For investment planning through 2026–2030, thermal remains essential but its utilisation profile is changing. Gas plants are expected to run at lower capacity factors while earning higher marginal value through balancing-market participation and price spikes. Coal and lignite face increasing economic pressure from carbon costs but are likely to remain relevant where reliability requirements persist. The central risk for system planners is a flexibility gap: renewable penetration increases the need for fast-response capacity while new flexible investment—particularly battery energy storage—has not yet reached the scale required to fully replace or complement thermal assets.

Nuclear provides steady baseload with limited regional expansion leverage

Nuclear continues to deliver low-cost, low-carbon baseload stability in Europe during Q1 2026, but its direct influence within South-East Europe remains constrained by limited capacity growth potential. Improved nuclear availability in Western Europe—especially France—has contributed to greater system stability there and reduced price volatility compared with previous years. Through market coupling effects into Central Europe, this can indirectly moderate cross-border price dynamics impacting SEE.

Within SEE, nuclear capacity is concentrated in Romania (Cernavodă), Bulgaria (Kozloduy) and Slovenia (Krško). These plants provide critical baseload generation and support export capacity particularly for Bulgaria and Slovenia, though their overall share of regional generation remains limited compared with hydro and thermal sources. Nuclear’s defining characteristic is stability: unlike weather-dependent resources such as hydro, wind or solar, nuclear output is largely independent of weather conditions; unlike gas it is not exposed to short-term fuel price volatility.

However, nuclear lacks short-term flexibility and involves long development timelines alongside significant capital investment and regulatory complexity. As a result, it cannot respond to rapid supply-demand changes characterising SEE power markets today. Future contribution will depend on policy decisions: life extensions for existing plants in Romania and Bulgaria are likely to maintain current capacity levels, while new projects discussed for later years face long timelines and financing challenges that limit any material effect on the regional mix before the early 2030s.

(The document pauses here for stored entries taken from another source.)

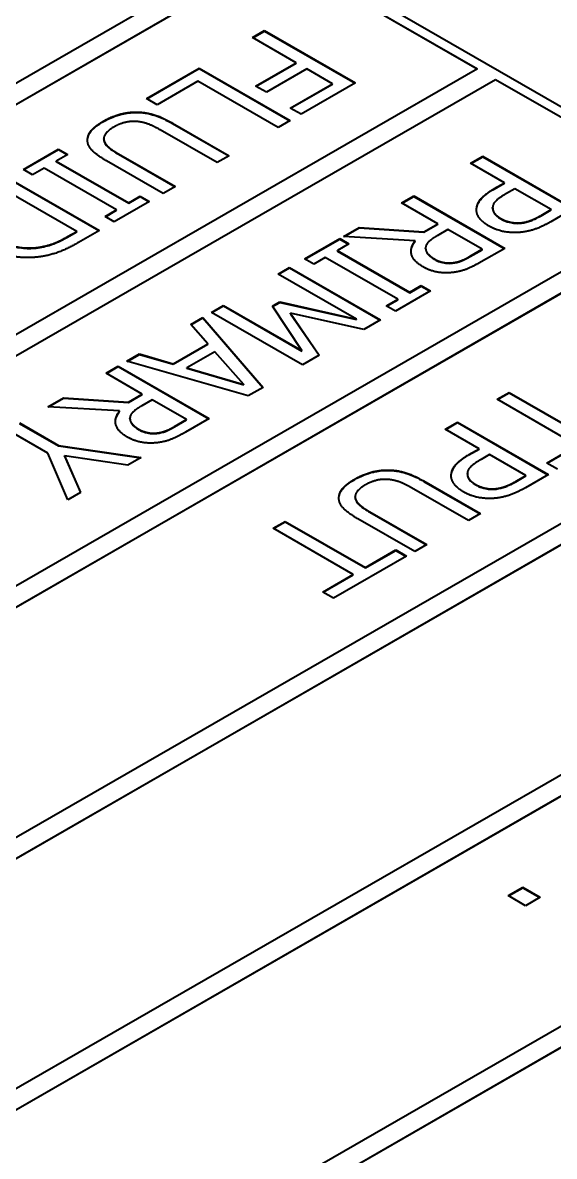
# Model space of a CAD drawing. Header units: millimetres. Extents: x 0 to 1682, y 0 to 1188.
# Drawn here: x 1455.28 to 1459.41, y 1063.31 to 1072.12 of the extents above; entities that cross this region are included whole.
import ezdxf

# ---------------------------------------------------------------- set-up
doc = ezdxf.new("R2010")
doc.units = ezdxf.units.MM
doc.header["$LTSCALE"] = 2
doc.layers.add('가시적인 것(ISO)', color=3, linetype='Continuous', lineweight=40)
doc.layers.add('가시적인 좁은 것(ISO)', color=3, linetype='Continuous', lineweight=35)

msp = doc.modelspace()

# ---------------------------------------------------------------- linework, layer by layer
at = {"layer": '가시적인 것(ISO)'}
for p, q in [((1453.867, 1074.696), (1467.4434, 1066.8778)), ((1457.1197, 1072.7414), (1444.5332, 1065.4934)), ((1444.6746, 1065.4119), (1457.2611, 1072.66)), ((1457.2611, 1072.6567), (1444.6774, 1065.4103)), ((1457.2611, 1072.66), (1458.8167, 1071.7642)), ((1458.8139, 1071.7625), (1457.2611, 1072.6567)), ((1457.0664, 1072.008), (1457.1604, 1072.0621)), ((1457.0693, 1072.0064), (1457.1604, 1072.0589)), ((1457.1604, 1072.0621), (1457.8675, 1071.6549)), ((1457.1604, 1072.0589), (1457.1604, 1072.0621)), ((1457.1604, 1072.0589), (1457.8647, 1071.6533)), ((1457.4068, 1071.812), (1457.0664, 1072.008)), ((1456.2436, 1071.5342), (1456.6533, 1071.7701)), ((1456.2464, 1071.5325), (1456.6533, 1071.7668)), ((1456.6533, 1071.7701), (1457.3604, 1071.3629)), ((1456.6533, 1071.7668), (1456.6533, 1071.7701)), ((1456.6533, 1071.7668), (1457.3576, 1071.3613)), ((1457.0916, 1071.6305), (1457.4068, 1071.812)), ((1457.0945, 1071.6289), (1457.4068, 1071.8087)), ((1457.4068, 1071.8087), (1457.4068, 1071.812)), ((1458.8167, 1071.7642), (1446.2302, 1064.5161)), ((1446.3716, 1064.4347), (1458.9581, 1071.6827)), ((1458.9581, 1071.6795), (1446.3745, 1064.433)), ((1457.4905, 1071.7638), (1457.1753, 1071.5823)), ((1457.6899, 1071.649), (1457.4905, 1071.7638)), ((1458.9581, 1071.6827), (1460.5138, 1070.7869)), ((1458.9581, 1071.6795), (1458.9581, 1071.6827)), ((1460.5109, 1070.7853), (1458.9581, 1071.6795)), ((1456.643, 1071.6678), (1456.3272, 1071.486)), ((1457.2664, 1071.3088), (1456.643, 1071.6678)), ((1457.1753, 1071.5823), (1457.0916, 1071.6305)), ((1457.361, 1071.4596), (1457.6899, 1071.649)), ((1457.3638, 1071.458), (1457.6899, 1071.6457)), ((1457.8675, 1071.6549), (1457.4446, 1071.4114)), ((1457.6899, 1071.6457), (1457.6899, 1071.649)), ((1456.3272, 1071.486), (1456.2436, 1071.5342)), ((1457.4446, 1071.4114), (1457.361, 1071.4596)), ((1456.4441, 1071.3434), (1456.8854, 1071.0894)), ((1456.4441, 1071.3402), (1456.8825, 1071.0877)), ((1457.3604, 1071.3629), (1457.2664, 1071.3088)), ((1456.7914, 1071.0352), (1456.3502, 1071.2893)), ((1455.9109, 1071.2174), (1455.9109, 1071.2207)), ((1455.2855, 1070.9824), (1455.5594, 1071.1402)), ((1455.2883, 1070.9808), (1455.5594, 1071.1369)), ((1455.6316, 1071.0986), (1455.5416, 1071.0468)), ((1455.5594, 1071.1402), (1455.6316, 1071.0986)), ((1455.5594, 1071.1369), (1455.5594, 1071.1402)), ((1455.5594, 1071.1369), (1455.6288, 1071.097)), ((1456.0241, 1071.1042), (1456.4676, 1070.8488)), ((1456.0241, 1071.1009), (1456.4648, 1070.8472)), ((1456.8854, 1071.0894), (1456.7914, 1071.0352)), ((1458.7635, 1071.0307), (1458.8575, 1071.0849)), ((1458.7663, 1071.0291), (1458.8575, 1071.0816)), ((1458.8575, 1071.0849), (1459.5646, 1070.6777)), ((1458.8575, 1071.0816), (1458.8575, 1071.0849)), ((1458.8575, 1071.0816), (1459.5617, 1070.676)), ((1455.3577, 1070.9409), (1455.2855, 1070.9824)), ((1455.4477, 1070.9927), (1455.3577, 1070.9409)), ((1456.0104, 1070.6686), (1455.4477, 1070.9927)), ((1455.5416, 1071.0468), (1456.1043, 1070.7227)), ((1455.5416, 1071.0435), (1455.5416, 1071.0468)), ((1455.5416, 1071.0435), (1456.1043, 1070.7195)), ((1456.3737, 1070.7947), (1455.9324, 1071.0488)), ((1459.0271, 1070.879), (1458.7635, 1071.0307)), ((1455.1692, 1070.9155), (1455.8763, 1070.5083)), ((1455.1692, 1070.9122), (1455.8734, 1070.5066)), ((1455.7009, 1070.501), (1455.1566, 1070.8145)), ((1456.4676, 1070.8488), (1456.3737, 1070.7947)), ((1458.9474, 1070.8331), (1459.0271, 1070.879)), ((1458.9474, 1070.8298), (1459.0271, 1070.8757)), ((1459.0271, 1070.8757), (1459.0271, 1070.879)), ((1459.1073, 1070.8328), (1459.0431, 1070.7958)), ((1459.3892, 1070.6704), (1459.1073, 1070.8328)), ((1460.5138, 1070.7869), (1447.9273, 1063.5388)), ((1456.2665, 1070.733), (1455.9926, 1070.5752)), ((1456.1043, 1070.7227), (1456.1943, 1070.7746)), ((1456.1043, 1070.7195), (1456.1943, 1070.7713)), ((1456.1043, 1070.7195), (1456.1043, 1070.7227)), ((1456.1943, 1070.7746), (1456.2665, 1070.733)), ((1456.1943, 1070.7713), (1456.1943, 1070.7746)), ((1456.1943, 1070.7713), (1456.2637, 1070.7313)), ((1458.2271, 1070.7219), (1458.3211, 1070.776)), ((1458.5085, 1070.5599), (1458.2271, 1070.7219)), ((1458.23, 1070.7203), (1458.3211, 1070.7727)), ((1458.3211, 1070.776), (1459.0282, 1070.3688)), ((1458.3211, 1070.7727), (1458.3211, 1070.776)), ((1458.3211, 1070.7727), (1459.0254, 1070.3672)), ((1448.0687, 1063.4574), (1460.6552, 1070.7055)), ((1460.6552, 1070.7022), (1448.0715, 1063.4557)), ((1455.9204, 1070.6168), (1456.0104, 1070.6686)), ((1455.9232, 1070.6152), (1456.0104, 1070.6654)), ((1456.0104, 1070.6654), (1456.0104, 1070.6686)), ((1458.9348, 1070.6836), (1458.9348, 1070.6869)), ((1458.9348, 1070.6813), (1458.9348, 1070.6846)), ((1459.3113, 1070.6255), (1459.3892, 1070.6704)), ((1459.3113, 1070.6223), (1459.3892, 1070.6671)), ((1459.5646, 1070.6777), (1459.3869, 1070.5754)), ((1459.3892, 1070.6671), (1459.3892, 1070.6704)), ((1455.9926, 1070.5752), (1455.9204, 1070.6168)), ((1457.7739, 1070.4609), (1457.8959, 1070.5312)), ((1457.8959, 1070.5312), (1458.4008, 1070.4978)), ((1457.8959, 1070.5279), (1457.8959, 1070.5312)), ((1458.4008, 1070.4978), (1458.5085, 1070.5599)), ((1458.4008, 1070.4946), (1458.5085, 1070.5566)), ((1458.5085, 1070.5566), (1458.5085, 1070.5599)), ((1455.6293, 1070.4598), (1455.7009, 1070.501)), ((1455.6293, 1070.4565), (1455.7009, 1070.4977)), ((1455.7009, 1070.4977), (1455.7009, 1070.501)), ((1455.8763, 1070.5083), (1455.7153, 1070.4155)), ((1457.4713, 1070.2866), (1457.7452, 1070.4444)), ((1457.7452, 1070.4444), (1457.8174, 1070.4028)), ((1457.7452, 1070.4411), (1457.7452, 1070.4444)), ((1458.3332, 1070.4285), (1457.7739, 1070.4609)), ((1457.779, 1070.4606), (1457.8959, 1070.5279)), ((1457.8959, 1070.5279), (1458.4008, 1070.4946)), ((1458.4008, 1070.4946), (1458.4008, 1070.4978)), ((1458.587, 1070.5147), (1458.5045, 1070.4671)), ((1458.8529, 1070.3615), (1458.587, 1070.5147)), ((1457.4742, 1070.285), (1457.7452, 1070.4411)), ((1457.8174, 1070.4028), (1457.7275, 1070.351)), ((1457.7452, 1070.4411), (1457.8146, 1070.4012)), ((1458.3332, 1070.4253), (1458.3332, 1070.4285)), ((1458.4133, 1070.3664), (1458.4133, 1070.3696)), ((1458.7595, 1070.3078), (1458.8529, 1070.3615)), ((1458.7595, 1070.3045), (1458.8529, 1070.3583)), ((1459.0282, 1070.3688), (1458.846, 1070.2639)), ((1458.8529, 1070.3583), (1458.8529, 1070.3615)), ((1457.5435, 1070.2451), (1457.4713, 1070.2866)), ((1457.6335, 1070.2969), (1457.5435, 1070.2451)), ((1458.1962, 1069.9728), (1457.6335, 1070.2969)), ((1457.7275, 1070.351), (1458.2902, 1070.0269)), ((1457.7275, 1070.3477), (1457.7275, 1070.351)), ((1457.7275, 1070.3477), (1458.2902, 1070.0237)), ((1457.2673, 1070.1692), (1457.355, 1070.2197)), ((1457.2702, 1070.1675), (1457.355, 1070.2164)), ((1457.355, 1070.2197), (1458.0621, 1069.8125)), ((1457.355, 1070.2164), (1457.355, 1070.2197)), ((1457.355, 1070.2164), (1458.0593, 1069.8108)), ((1457.8765, 1069.8184), (1457.2673, 1070.1692)), ((1458.4523, 1070.0372), (1458.1784, 1069.8794)), ((1458.2902, 1070.0269), (1458.3801, 1070.0788)), ((1458.2902, 1070.0237), (1458.3801, 1070.0755)), ((1458.2902, 1070.0237), (1458.2902, 1070.0269)), ((1458.3801, 1070.0788), (1458.4523, 1070.0372)), ((1458.3801, 1070.0755), (1458.3801, 1070.0788)), ((1458.3801, 1070.0755), (1458.4495, 1070.0355)), ((1456.7488, 1069.8705), (1456.8427, 1069.9247)), ((1456.7516, 1069.8689), (1456.8427, 1069.9214)), ((1456.8427, 1069.9247), (1457.4518, 1069.5739)), ((1456.8427, 1069.9214), (1456.8427, 1069.9247)), ((1456.8427, 1069.9214), (1457.4518, 1069.5706)), ((1457.2221, 1069.9187), (1457.2794, 1069.9517)), ((1457.4518, 1069.5739), (1457.2221, 1069.9187)), ((1457.2236, 1069.9164), (1457.2794, 1069.9484)), ((1457.2794, 1069.9517), (1457.8765, 1069.8184)), ((1457.2794, 1069.9484), (1457.2794, 1069.9517)), ((1457.2794, 1069.9484), (1457.8765, 1069.8151)), ((1458.1062, 1069.921), (1458.1962, 1069.9728)), ((1458.1784, 1069.8794), (1458.1062, 1069.921)), ((1458.1091, 1069.9194), (1458.1962, 1069.9696)), ((1458.1962, 1069.9696), (1458.1962, 1069.9728)), ((1456.5866, 1069.7772), (1456.6817, 1069.8319)), ((1456.5885, 1069.775), (1456.6817, 1069.8287)), ((1456.6817, 1069.8319), (1457.1504, 1069.2875)), ((1456.6817, 1069.8287), (1456.6817, 1069.8319)), ((1456.6817, 1069.8287), (1457.1486, 1069.2864)), ((1457.4559, 1069.4633), (1456.7488, 1069.8705)), ((1457.9338, 1069.7385), (1457.3636, 1069.8636)), ((1457.3636, 1069.8636), (1457.5865, 1069.5386)), ((1457.3636, 1069.8603), (1457.3636, 1069.8636)), ((1457.3636, 1069.8603), (1457.5849, 1069.5377)), ((1462.2108, 1069.8096), (1449.6243, 1062.5615)), ((1456.7201, 1069.6264), (1456.5866, 1069.7772)), ((1457.8765, 1069.8151), (1457.8765, 1069.8184)), ((1458.0621, 1069.8125), (1457.9338, 1069.7385)), ((1449.7657, 1062.4801), (1462.3522, 1069.7282)), ((1462.3522, 1069.7249), (1449.7686, 1062.4785)), ((1456.4502, 1069.4709), (1456.7201, 1069.6264)), ((1456.4502, 1069.4677), (1456.7201, 1069.6231)), ((1456.7745, 1069.5653), (1456.5562, 1069.4396)), ((1456.7201, 1069.6231), (1456.7201, 1069.6264)), ((1456.9986, 1069.3109), (1456.7745, 1069.5653)), ((1457.4518, 1069.5706), (1457.4518, 1069.5739)), ((1456.0892, 1069.4907), (1456.1883, 1069.5478)), ((1457.0347, 1069.2208), (1456.0892, 1069.4907)), ((1456.093, 1069.4896), (1456.1883, 1069.5445)), ((1456.1883, 1069.5478), (1456.4502, 1069.4709)), ((1456.1883, 1069.5445), (1456.1883, 1069.5478)), ((1456.1883, 1069.5445), (1456.4502, 1069.4677)), ((1457.5865, 1069.5386), (1457.4559, 1069.4633)), ((1455.9282, 1069.398), (1456.0222, 1069.4521)), ((1456.2095, 1069.236), (1455.9282, 1069.398)), ((1455.931, 1069.3964), (1456.0222, 1069.4489)), ((1456.0222, 1069.4521), (1456.7293, 1069.0449)), ((1456.0222, 1069.4489), (1456.0222, 1069.4521)), ((1456.0222, 1069.4489), (1456.7264, 1069.0433)), ((1456.4502, 1069.4677), (1456.4502, 1069.4709)), ((1456.5562, 1069.4396), (1456.9986, 1069.3109)), ((1456.5562, 1069.4363), (1456.5562, 1069.4396)), ((1456.5562, 1069.4363), (1456.9986, 1069.3076)), ((1456.9986, 1069.3076), (1456.9986, 1069.3109)), ((1456.1018, 1069.1739), (1456.2095, 1069.236)), ((1456.1018, 1069.1707), (1456.2095, 1069.2327)), ((1456.2095, 1069.2327), (1456.2095, 1069.236)), ((1457.1504, 1069.2875), (1457.0347, 1069.2208)), ((1458.9695, 1069.1949), (1459.0635, 1069.249)), ((1458.9724, 1069.1932), (1459.0635, 1069.2457)), ((1459.0635, 1069.249), (1459.687, 1068.89)), ((1459.0635, 1069.2457), (1459.0635, 1069.249)), ((1459.0635, 1069.2457), (1459.687, 1068.8867)), ((1455.4749, 1069.137), (1455.597, 1069.2073)), ((1456.0342, 1069.1047), (1455.4749, 1069.137)), ((1455.4801, 1069.1367), (1455.597, 1069.204)), ((1455.597, 1069.2073), (1456.1018, 1069.1739)), ((1455.597, 1069.204), (1455.597, 1069.2073)), ((1455.597, 1069.204), (1456.1018, 1069.1707)), ((1456.1018, 1069.1707), (1456.1018, 1069.1739)), ((1456.288, 1069.1908), (1456.2055, 1069.1433)), ((1456.5539, 1069.0377), (1456.288, 1069.1908)), ((1459.593, 1068.8359), (1458.9695, 1069.1949)), ((1456.0342, 1069.1014), (1456.0342, 1069.1047)), ((1456.1143, 1069.0425), (1456.1143, 1069.0458)), ((1456.4605, 1068.9839), (1456.5539, 1069.0377)), ((1456.4605, 1068.9806), (1456.5539, 1069.0344)), ((1456.7293, 1069.0449), (1456.547, 1068.94)), ((1456.5539, 1069.0344), (1456.5539, 1069.0377)), ((1455.4755, 1068.777), (1455.1626, 1068.9572)), ((1455.2566, 1069.0113), (1455.5597, 1068.8367)), ((1455.2566, 1069.008), (1455.5597, 1068.8334)), ((1458.5667, 1068.9629), (1458.6607, 1069.017)), ((1458.8303, 1068.8111), (1458.5667, 1068.9629)), ((1458.5696, 1068.9613), (1458.6607, 1069.0137)), ((1458.6607, 1069.017), (1459.3678, 1068.6098)), ((1458.6607, 1069.0137), (1458.6607, 1069.017)), ((1458.6607, 1069.0137), (1459.365, 1068.6082)), ((1463.9079, 1068.8324), (1451.3214, 1061.5843)), ((1455.6308, 1068.4124), (1455.4755, 1068.777)), ((1455.5597, 1068.8367), (1456.2027, 1068.7417)), ((1455.5597, 1068.8334), (1455.5597, 1068.8367)), ((1455.5597, 1068.8334), (1456.1981, 1068.7391)), ((1458.7507, 1068.7652), (1458.8303, 1068.8111)), ((1458.7507, 1068.762), (1458.8303, 1068.8078)), ((1458.8303, 1068.8078), (1458.8303, 1068.8111)), ((1459.3558, 1068.6992), (1459.593, 1068.8359)), ((1459.3586, 1068.6976), (1459.593, 1068.8326)), ((1451.4628, 1061.5028), (1464.0493, 1068.7509)), ((1464.0493, 1068.7477), (1451.4656, 1061.5012)), ((1456.0984, 1068.6816), (1455.605, 1068.7559)), ((1455.605, 1068.7559), (1455.7305, 1068.4698)), ((1455.605, 1068.7526), (1455.605, 1068.7559)), ((1455.605, 1068.7526), (1455.7293, 1068.4691)), ((1456.2027, 1068.7417), (1456.0984, 1068.6816)), ((1458.9105, 1068.7649), (1458.8463, 1068.7279)), ((1459.1925, 1068.6026), (1458.9105, 1068.7649)), ((1459.4394, 1068.6511), (1459.3558, 1068.6992)), ((1458.738, 1068.6158), (1458.738, 1068.619)), ((1458.738, 1068.6135), (1458.738, 1068.6167)), ((1459.1145, 1068.5577), (1459.1925, 1068.6026)), ((1459.1145, 1068.5544), (1459.1925, 1068.5993)), ((1459.3678, 1068.6098), (1459.1902, 1068.5075)), ((1459.1925, 1068.5993), (1459.1925, 1068.6026)), ((1458.7461, 1068.2518), (1458.3048, 1068.5059)), ((1458.3988, 1068.56), (1458.84, 1068.3059)), ((1458.3988, 1068.5567), (1458.8372, 1068.3043)), ((1455.7305, 1068.4698), (1455.6308, 1068.4124)), ((1457.8656, 1068.434), (1457.8656, 1068.4373)), ((1457.2276, 1068.1917), (1457.3215, 1068.2458)), ((1457.2304, 1068.1901), (1457.3215, 1068.2426)), ((1457.3215, 1068.2458), (1457.945, 1067.8868)), ((1457.3215, 1068.2426), (1457.3215, 1068.2458)), ((1457.3215, 1068.2426), (1457.945, 1067.8836)), ((1458.3283, 1068.0112), (1457.8871, 1068.2653)), ((1457.9788, 1068.3208), (1458.4223, 1068.0653)), ((1457.9788, 1068.3175), (1458.4195, 1068.0637)), ((1458.84, 1068.3059), (1458.7461, 1068.2518)), ((1457.851, 1067.8327), (1457.2276, 1068.1917)), ((1458.4223, 1068.0653), (1458.3283, 1068.0112)), ((1458.2659, 1067.9753), (1457.6974, 1067.6479)), ((1457.945, 1067.8868), (1458.1822, 1068.0234)), ((1457.945, 1067.8836), (1458.1822, 1068.0202)), ((1458.1822, 1068.0234), (1458.2659, 1067.9753)), ((1458.1822, 1068.0202), (1458.1822, 1068.0234)), ((1458.1822, 1068.0202), (1458.263, 1067.9736)), ((1457.945, 1067.8836), (1457.945, 1067.8868)), ((1465.6049, 1067.8551), (1453.0184, 1060.607)), ((1457.6138, 1067.6961), (1457.851, 1067.8327)), ((1457.6166, 1067.6945), (1457.851, 1067.8294)), ((1457.851, 1067.8294), (1457.851, 1067.8327)), ((1453.1599, 1060.5256), (1465.7464, 1067.7737)), ((1465.7464, 1067.7704), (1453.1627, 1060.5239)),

Taken together, Q1 2026 shows a region where hydropower variability is changing how balancing needs are calculated across operations and markets. Thermal fleets are being reallocated toward flexibility roles while still retaining baseload functions where resource structures allow it; nuclear remains an anchor for steady supply but cannot fill fast-response gaps created by correlated renewable underperformance. For developers planning grid modernization roadmaps—including transmission reinforcement readiness—and for investors assessing storage procurement frameworks such as BESS deployment pipelines alongside EPC preparation activities, the implication is clear: planning assumptions must treat climate-driven hydro uncertainty as probabilistic input rather than deterministic support.